§ What is expected: Transcribe verbatim every line from the line containing "u/1 -> Bloque auto5/1" to the end of the entries, including both endpoints. Output nothing beyond those lines.

Source records
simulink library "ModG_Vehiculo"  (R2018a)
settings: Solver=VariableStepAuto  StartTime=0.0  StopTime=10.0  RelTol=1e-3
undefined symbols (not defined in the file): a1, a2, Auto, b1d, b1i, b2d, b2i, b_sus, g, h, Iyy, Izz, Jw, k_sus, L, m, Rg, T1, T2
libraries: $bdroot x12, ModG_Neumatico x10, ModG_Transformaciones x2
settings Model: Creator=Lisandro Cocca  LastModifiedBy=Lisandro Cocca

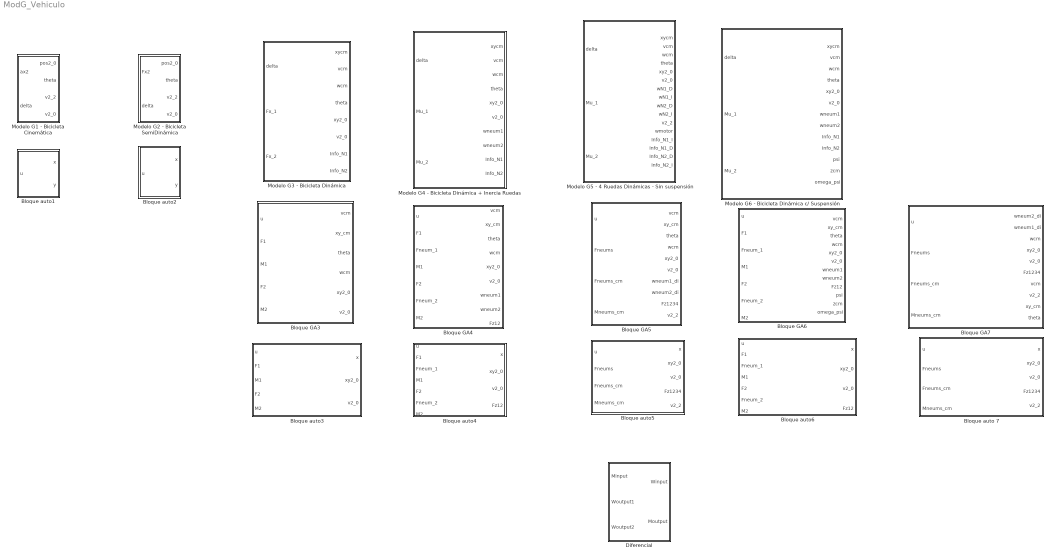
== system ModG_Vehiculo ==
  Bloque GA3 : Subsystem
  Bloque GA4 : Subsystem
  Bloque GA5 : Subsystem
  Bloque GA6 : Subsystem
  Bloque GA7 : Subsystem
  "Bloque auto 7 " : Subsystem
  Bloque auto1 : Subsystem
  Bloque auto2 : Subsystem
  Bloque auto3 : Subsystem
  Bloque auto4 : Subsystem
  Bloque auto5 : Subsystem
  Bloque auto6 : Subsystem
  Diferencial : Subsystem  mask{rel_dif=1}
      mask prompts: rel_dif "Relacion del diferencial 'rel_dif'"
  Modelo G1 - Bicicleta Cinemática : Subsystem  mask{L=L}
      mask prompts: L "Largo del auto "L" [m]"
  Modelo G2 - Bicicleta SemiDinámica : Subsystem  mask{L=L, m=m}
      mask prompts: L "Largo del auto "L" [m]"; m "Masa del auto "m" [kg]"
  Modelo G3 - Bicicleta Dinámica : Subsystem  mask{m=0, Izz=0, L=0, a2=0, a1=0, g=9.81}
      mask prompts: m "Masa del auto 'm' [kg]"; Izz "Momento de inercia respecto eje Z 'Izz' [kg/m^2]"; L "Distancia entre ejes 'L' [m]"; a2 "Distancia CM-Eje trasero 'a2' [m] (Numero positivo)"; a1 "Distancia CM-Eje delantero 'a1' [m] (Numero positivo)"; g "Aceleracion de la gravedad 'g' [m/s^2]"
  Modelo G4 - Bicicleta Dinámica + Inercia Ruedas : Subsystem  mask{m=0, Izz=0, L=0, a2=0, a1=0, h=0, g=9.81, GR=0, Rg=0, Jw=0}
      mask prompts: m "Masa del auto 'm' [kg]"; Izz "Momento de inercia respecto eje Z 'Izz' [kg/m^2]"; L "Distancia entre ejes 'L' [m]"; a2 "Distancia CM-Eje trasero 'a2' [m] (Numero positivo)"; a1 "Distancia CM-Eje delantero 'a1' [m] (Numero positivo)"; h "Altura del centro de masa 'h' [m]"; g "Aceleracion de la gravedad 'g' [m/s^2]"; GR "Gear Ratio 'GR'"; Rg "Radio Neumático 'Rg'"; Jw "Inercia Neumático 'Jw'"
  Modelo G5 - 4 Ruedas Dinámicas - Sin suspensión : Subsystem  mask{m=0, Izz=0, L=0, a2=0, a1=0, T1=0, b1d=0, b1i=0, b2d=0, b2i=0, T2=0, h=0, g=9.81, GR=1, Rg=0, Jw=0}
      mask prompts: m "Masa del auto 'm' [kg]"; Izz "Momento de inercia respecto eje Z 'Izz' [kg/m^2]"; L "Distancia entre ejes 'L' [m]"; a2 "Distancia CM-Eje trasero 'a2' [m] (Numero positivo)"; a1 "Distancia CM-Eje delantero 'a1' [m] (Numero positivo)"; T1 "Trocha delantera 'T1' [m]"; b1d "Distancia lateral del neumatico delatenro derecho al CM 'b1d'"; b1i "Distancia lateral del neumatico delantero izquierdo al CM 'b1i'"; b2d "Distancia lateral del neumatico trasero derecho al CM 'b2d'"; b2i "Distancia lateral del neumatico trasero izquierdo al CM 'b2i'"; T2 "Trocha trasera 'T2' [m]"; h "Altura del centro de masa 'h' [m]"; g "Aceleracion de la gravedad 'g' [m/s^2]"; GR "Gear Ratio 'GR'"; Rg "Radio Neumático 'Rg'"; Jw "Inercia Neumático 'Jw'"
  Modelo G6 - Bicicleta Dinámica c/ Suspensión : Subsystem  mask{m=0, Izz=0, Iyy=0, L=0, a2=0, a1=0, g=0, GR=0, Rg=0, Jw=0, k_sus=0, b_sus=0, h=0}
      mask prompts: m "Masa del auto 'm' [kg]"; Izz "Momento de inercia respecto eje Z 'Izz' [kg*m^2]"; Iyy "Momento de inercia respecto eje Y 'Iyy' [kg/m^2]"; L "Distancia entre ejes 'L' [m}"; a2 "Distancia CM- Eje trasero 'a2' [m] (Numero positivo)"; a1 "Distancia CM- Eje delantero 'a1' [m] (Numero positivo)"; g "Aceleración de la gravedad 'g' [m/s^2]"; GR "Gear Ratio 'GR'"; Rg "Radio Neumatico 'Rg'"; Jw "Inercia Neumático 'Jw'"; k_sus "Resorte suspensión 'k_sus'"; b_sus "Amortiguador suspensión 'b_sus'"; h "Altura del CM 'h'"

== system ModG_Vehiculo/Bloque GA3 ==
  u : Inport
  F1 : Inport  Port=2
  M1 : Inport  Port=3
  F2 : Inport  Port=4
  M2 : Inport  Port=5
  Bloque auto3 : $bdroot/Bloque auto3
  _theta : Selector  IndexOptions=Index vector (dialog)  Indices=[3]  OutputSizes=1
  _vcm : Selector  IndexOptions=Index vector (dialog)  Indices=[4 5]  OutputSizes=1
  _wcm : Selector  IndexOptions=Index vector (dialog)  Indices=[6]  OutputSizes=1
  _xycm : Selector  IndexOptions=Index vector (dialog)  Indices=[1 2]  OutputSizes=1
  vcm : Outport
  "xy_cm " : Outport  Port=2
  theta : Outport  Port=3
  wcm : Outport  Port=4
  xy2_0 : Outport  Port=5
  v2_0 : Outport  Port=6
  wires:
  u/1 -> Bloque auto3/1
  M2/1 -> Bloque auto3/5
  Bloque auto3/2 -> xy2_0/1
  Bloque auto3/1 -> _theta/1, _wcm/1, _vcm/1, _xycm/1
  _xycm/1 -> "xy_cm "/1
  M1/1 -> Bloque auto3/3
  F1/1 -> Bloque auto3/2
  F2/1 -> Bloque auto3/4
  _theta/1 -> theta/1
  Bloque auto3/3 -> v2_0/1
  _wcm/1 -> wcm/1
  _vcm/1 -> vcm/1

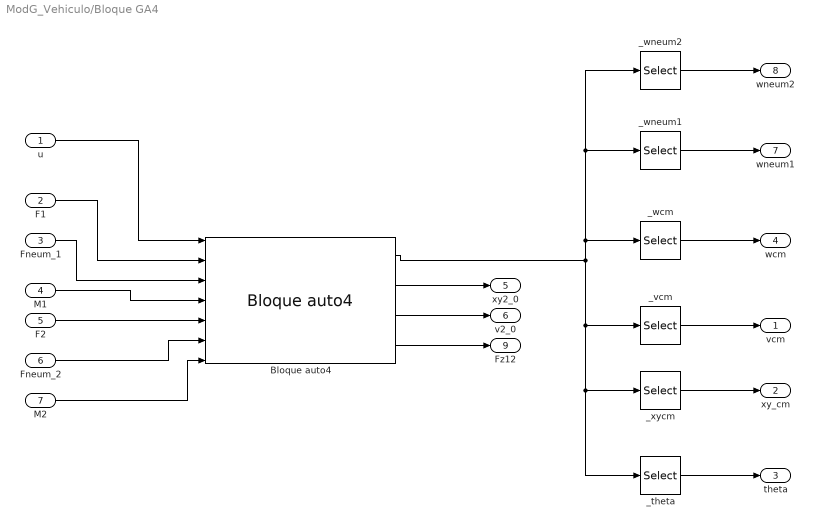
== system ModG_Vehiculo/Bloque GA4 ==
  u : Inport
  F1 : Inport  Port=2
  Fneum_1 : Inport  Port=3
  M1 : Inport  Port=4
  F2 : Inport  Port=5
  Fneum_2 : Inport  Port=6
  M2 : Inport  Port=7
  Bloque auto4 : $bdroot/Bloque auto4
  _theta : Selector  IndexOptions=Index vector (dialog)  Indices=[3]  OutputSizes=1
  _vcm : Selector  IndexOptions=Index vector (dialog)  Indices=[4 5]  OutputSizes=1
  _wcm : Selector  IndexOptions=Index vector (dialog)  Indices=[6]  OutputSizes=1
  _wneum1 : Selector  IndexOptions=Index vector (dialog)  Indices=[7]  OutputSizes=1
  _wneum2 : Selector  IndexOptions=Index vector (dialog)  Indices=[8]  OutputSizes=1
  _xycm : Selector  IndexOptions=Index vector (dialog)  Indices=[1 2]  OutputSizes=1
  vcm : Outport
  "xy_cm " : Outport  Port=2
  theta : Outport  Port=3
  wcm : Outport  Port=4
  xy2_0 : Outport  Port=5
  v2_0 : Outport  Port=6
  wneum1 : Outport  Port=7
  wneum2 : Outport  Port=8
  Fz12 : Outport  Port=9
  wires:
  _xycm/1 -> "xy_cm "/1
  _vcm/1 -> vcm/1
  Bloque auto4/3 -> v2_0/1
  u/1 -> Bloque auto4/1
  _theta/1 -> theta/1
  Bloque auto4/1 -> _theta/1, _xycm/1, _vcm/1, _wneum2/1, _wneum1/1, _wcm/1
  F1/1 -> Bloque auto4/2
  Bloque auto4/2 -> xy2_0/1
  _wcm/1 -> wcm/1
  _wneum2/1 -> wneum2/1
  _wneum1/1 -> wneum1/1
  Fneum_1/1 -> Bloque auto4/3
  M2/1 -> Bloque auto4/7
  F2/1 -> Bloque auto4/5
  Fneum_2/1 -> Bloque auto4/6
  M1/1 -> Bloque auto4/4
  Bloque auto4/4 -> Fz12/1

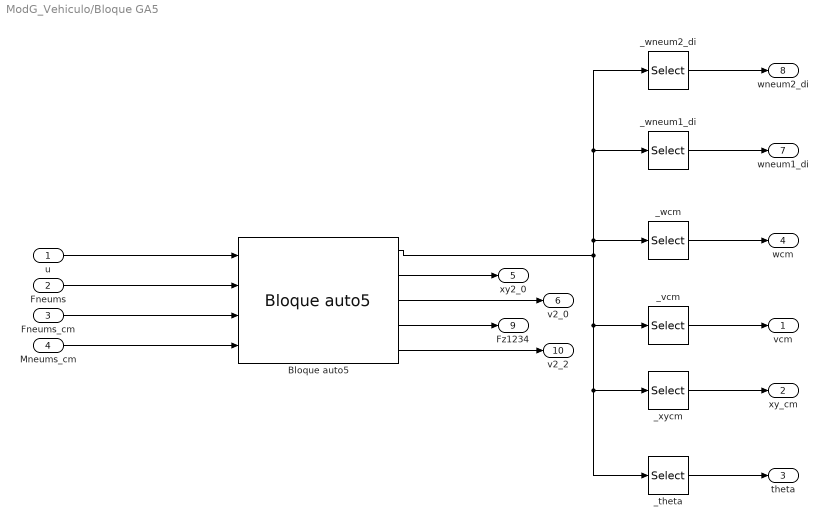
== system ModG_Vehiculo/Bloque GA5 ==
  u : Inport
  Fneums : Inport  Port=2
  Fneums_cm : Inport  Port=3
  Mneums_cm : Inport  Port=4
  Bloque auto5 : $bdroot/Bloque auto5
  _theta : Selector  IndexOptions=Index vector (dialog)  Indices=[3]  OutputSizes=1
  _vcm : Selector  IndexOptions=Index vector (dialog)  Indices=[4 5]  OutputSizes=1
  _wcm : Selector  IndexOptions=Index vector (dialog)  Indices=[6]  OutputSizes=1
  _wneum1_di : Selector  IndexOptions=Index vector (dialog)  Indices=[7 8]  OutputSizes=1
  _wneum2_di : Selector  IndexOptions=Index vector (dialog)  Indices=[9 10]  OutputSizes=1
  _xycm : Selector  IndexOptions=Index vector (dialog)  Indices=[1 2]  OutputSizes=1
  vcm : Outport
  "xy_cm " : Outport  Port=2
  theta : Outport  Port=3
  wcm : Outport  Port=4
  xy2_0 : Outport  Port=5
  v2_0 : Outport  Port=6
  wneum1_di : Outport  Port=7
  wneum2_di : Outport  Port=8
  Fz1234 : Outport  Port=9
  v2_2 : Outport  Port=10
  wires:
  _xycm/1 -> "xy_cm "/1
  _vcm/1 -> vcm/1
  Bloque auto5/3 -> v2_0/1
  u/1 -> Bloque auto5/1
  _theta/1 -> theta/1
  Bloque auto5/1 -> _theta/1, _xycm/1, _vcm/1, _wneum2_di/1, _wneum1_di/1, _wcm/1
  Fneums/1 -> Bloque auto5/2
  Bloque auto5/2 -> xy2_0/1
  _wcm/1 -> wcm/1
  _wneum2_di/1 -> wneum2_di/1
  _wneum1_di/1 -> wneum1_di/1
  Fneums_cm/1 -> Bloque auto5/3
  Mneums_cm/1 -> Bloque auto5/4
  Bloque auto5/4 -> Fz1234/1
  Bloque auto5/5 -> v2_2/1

§ Reply to the exercise:
  u/1 -> Bloque auto5/1
  _theta/1 -> theta/1
  Bloque auto5/1 -> _theta/1, _xycm/1, _vcm/1, _wneum2_di/1, _wneum1_di/1, _wcm/1
  Fneums/1 -> Bloque auto5/2
  Bloque auto5/2 -> xy2_0/1
  _wcm/1 -> wcm/1
  _wneum2_di/1 -> wneum2_di/1
  _wneum1_di/1 -> wneum1_di/1
  Fneums_cm/1 -> Bloque auto5/3
  Mneums_cm/1 -> Bloque auto5/4
  Bloque auto5/4 -> Fz1234/1
  Bloque auto5/5 -> v2_2/1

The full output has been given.